Whenever Hitler made a surprise move, Chamberlain had to be whisked off to the butler's pantry.

This was no way to save the Western world and, as anyone who has visited the Cabinet War Rooms in Whitehall will have spotted, telephones were one of the few visible nods to modernity on Winston Churchill's desk.

But, in other respects, he could hardly claim to be au fait with the practicalities of life. Despite escaping from a prisoner-of-war camp, Churchill was engagingly clueless at daily chores. He travelled on the London Underground only once. Even this excursion went wrong. With childlike incompetence, he could not work out how to alight from the Circle Line and had to be rescued from the carriage having done a number of full circuits in it.

Given the gravity of the times, the issue was whether he could smash the Axis powers rather than, metaphorically, punch his way out of a paper bag. After all, Roy Jenkins, so regularly lauded as one of the greatest home secretaries of the 20th century, always claimed he did not know how to boil an egg.

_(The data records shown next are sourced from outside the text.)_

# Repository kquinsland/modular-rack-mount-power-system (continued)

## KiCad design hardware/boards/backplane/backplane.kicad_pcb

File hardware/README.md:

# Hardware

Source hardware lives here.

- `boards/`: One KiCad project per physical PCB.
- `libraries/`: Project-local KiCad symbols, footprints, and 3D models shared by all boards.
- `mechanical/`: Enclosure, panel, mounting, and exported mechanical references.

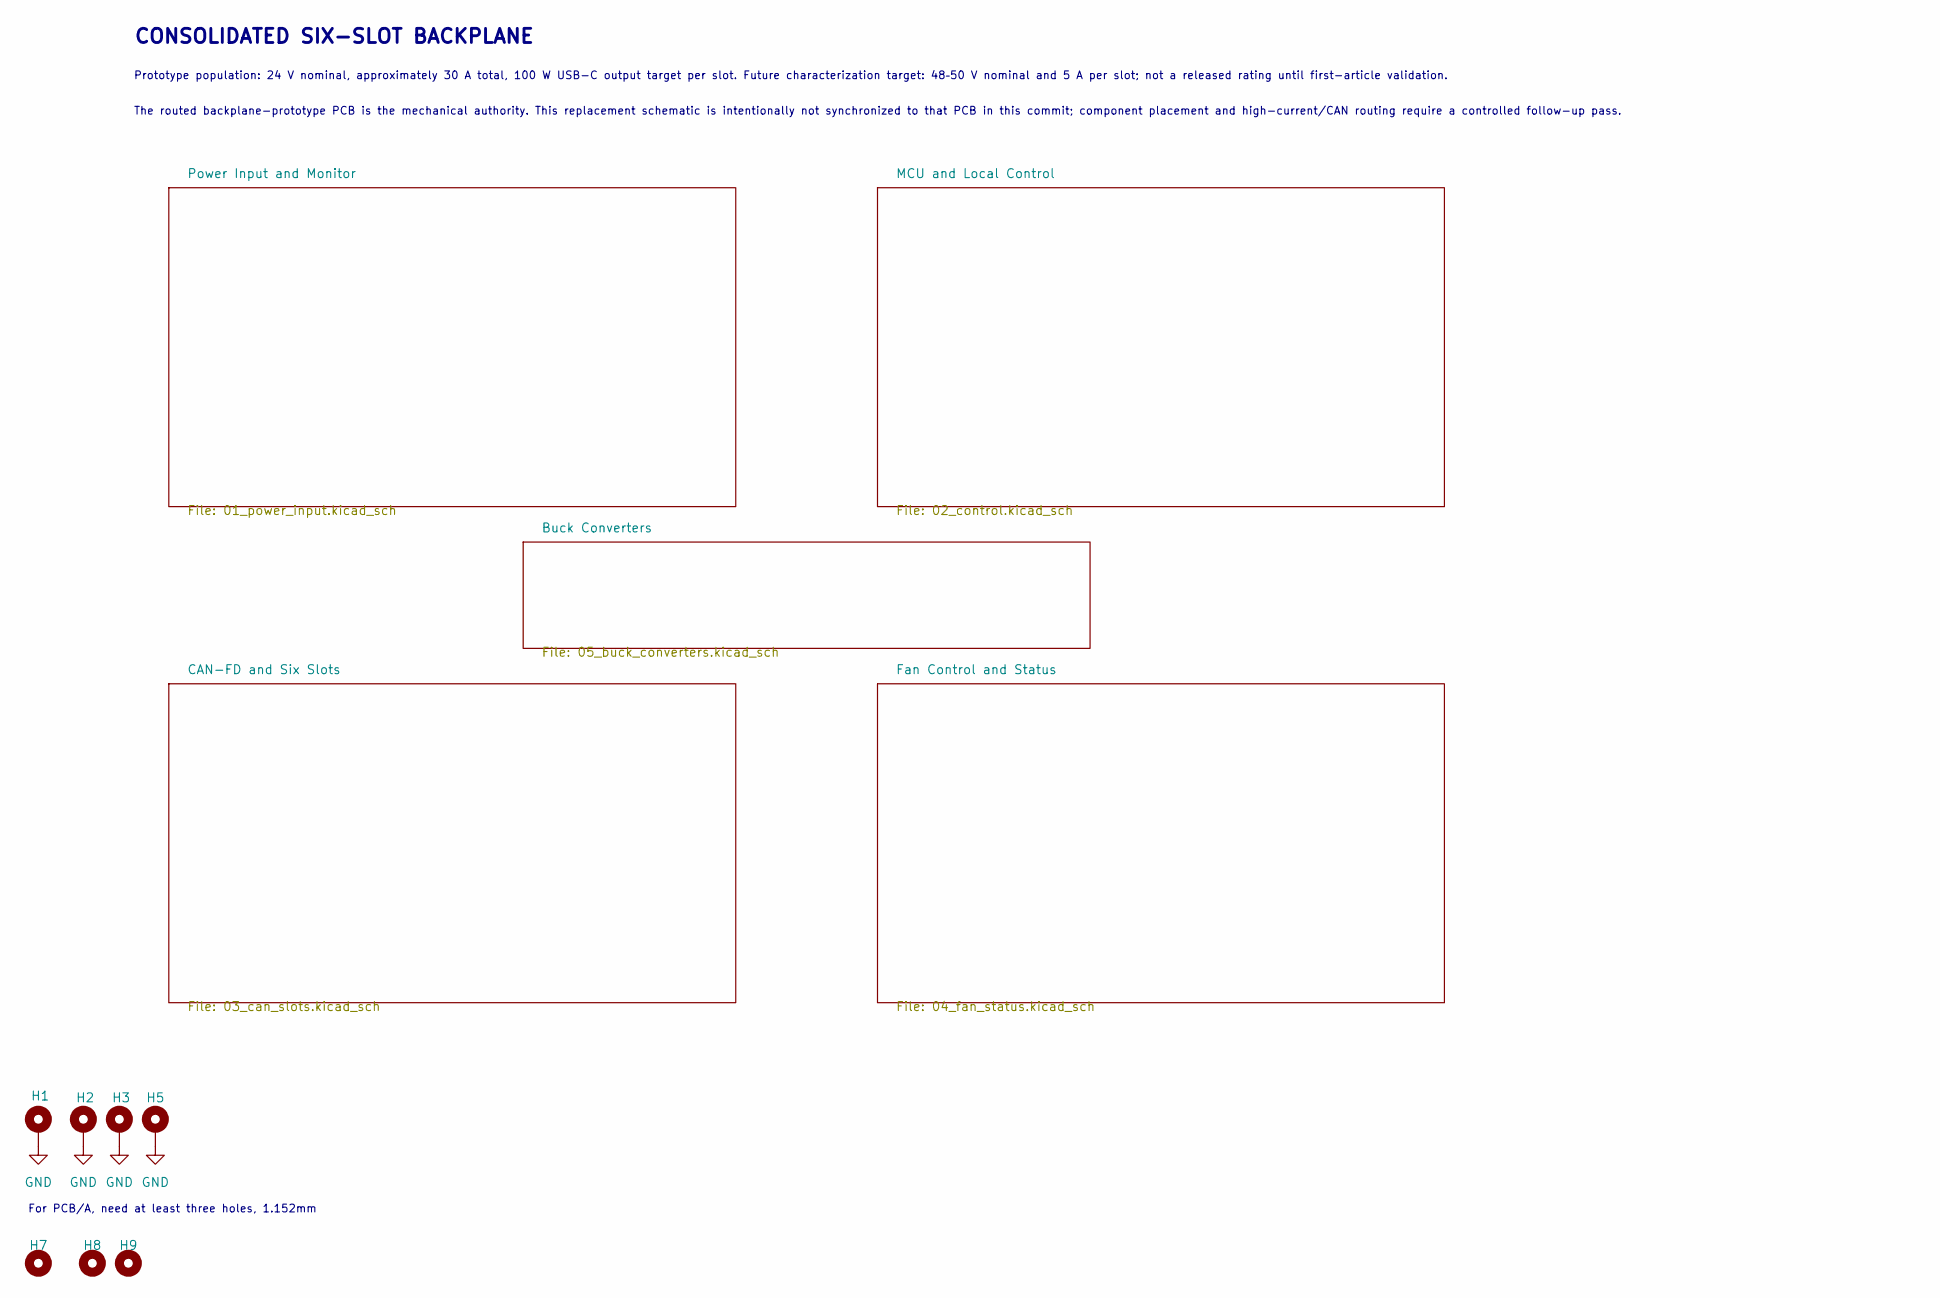
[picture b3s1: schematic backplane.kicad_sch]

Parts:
H1, H2, H3, H5: M2 CHASSIS; MountingHole_2.2mm_M2_Pad_Via_JLC
H7, H8, H9: ToolingHole_1.152mm; MountingHole_JLCPCB_Tooling_1.152mm

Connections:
GND: H1.1 (1_1), H2.1 (1_1), H3.1 (1_1), H5.1 (1_1); also elsewhere on the board

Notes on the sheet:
The routed backplane-prototype PCB is the mechanical authority. This replacement schematic is intentionally not synchronized to that PCB in this commit; component placement and high-current/CAN routing require a controlled follow-up pass.
Prototype population: 24 V nominal, approximately 30 A total, 100 W USB-C output target per slot. Future characterization target: 48–50 V nominal and 5 A per slot; not a released rating until first-article validation.
CONSOLIDATED SIX-SLOT BACKPLANE
For PCB/A, need at least three holes, 1.152mm

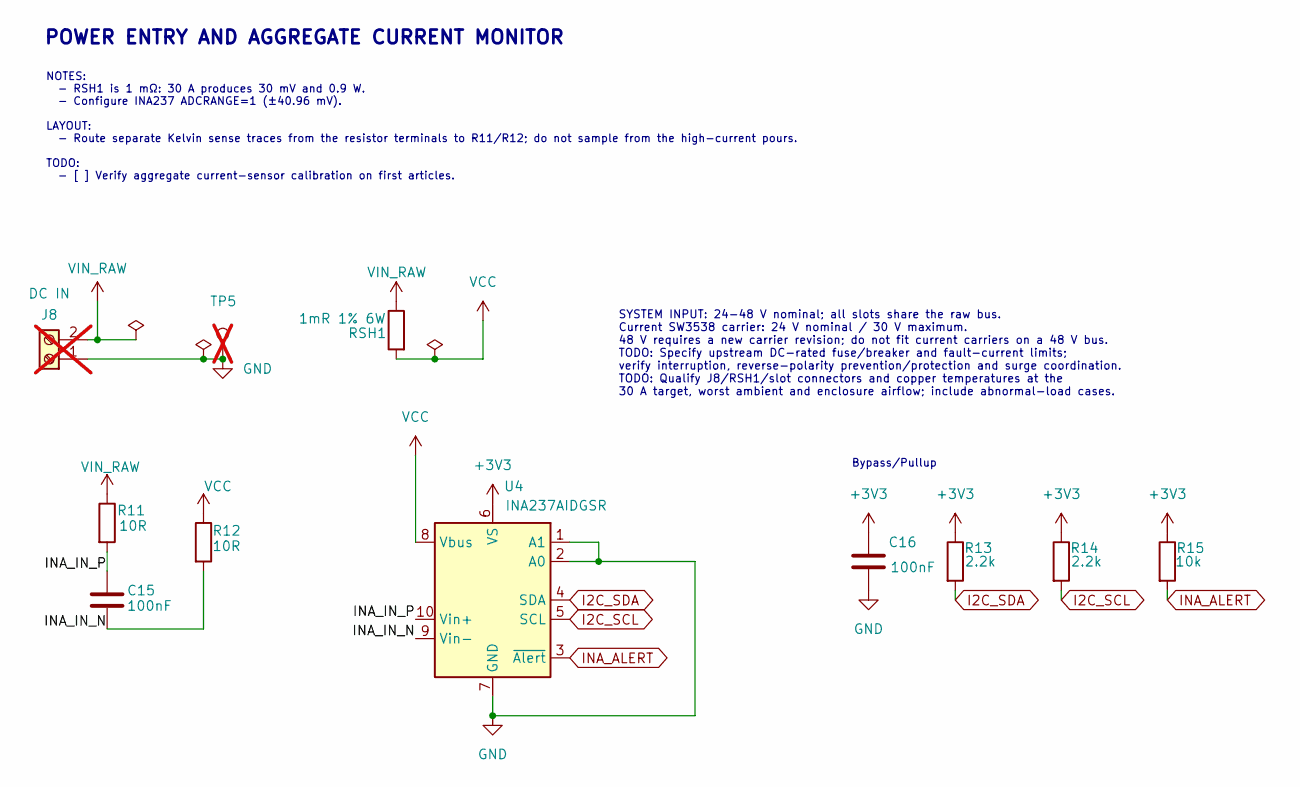
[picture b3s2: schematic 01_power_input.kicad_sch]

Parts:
C15, C16: 100nF; C_0603_1608Metric; Voltage 50 V; MPN CC0603KRX7R9BB104; LCSC C14663
J8: DC IN; DORABO_DB910-6.35-2P-GN-S; MPN DB910-6.35-2P-GN-S; LCSC C395872; not fitted
R11, R12: 10R; R_0603_1608Metric; Tolerance 1%; MPN 0603WAF100JT5E; LCSC C22859
R13, R14: 2.2k; R_0603_1608Metric; Tolerance 1%; MPN 0603WAF2201T5E; LCSC C4190
R15: 10k; R_0603_1608Metric; Tolerance 1%; MPN 0603WAF1002T5E; LCSC C25804
RSH1: 1mR 1% 6W; R_2512_6332Metric; Tolerance 1%; MPN HoLSX2512-6W-1mR-1%; LCSC C19270875
TP5: GND; TestPoint_Pad_D1.5mm; not fitted
U4: INA237AIDGSR; MSOP-10_3x3mm_P0.5mm_0.20mm_Clearance; MPN INA237AIDGSR; LCSC C2864837

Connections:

Sometimes politicians ought to be too busy to surf the internet. Senator McCain should take his cue from Harold Macmillan, who managed simultaneously to admit that he did not watch television while showing off his knowledge of what was on it - “Not for me the joys of Half Hours with Hancock. No Dixon. No Maigret. No Chislebury. No Lone Ranger. No Lennie the Lion. It isn't actually that we can't afford a set at No10, but the trouble is my employers never actually give me an evening off.”

I'm not impressed. McCain is only 71. The Queen (82) has email and a mobile phone, and the Pope (81) has an iPod.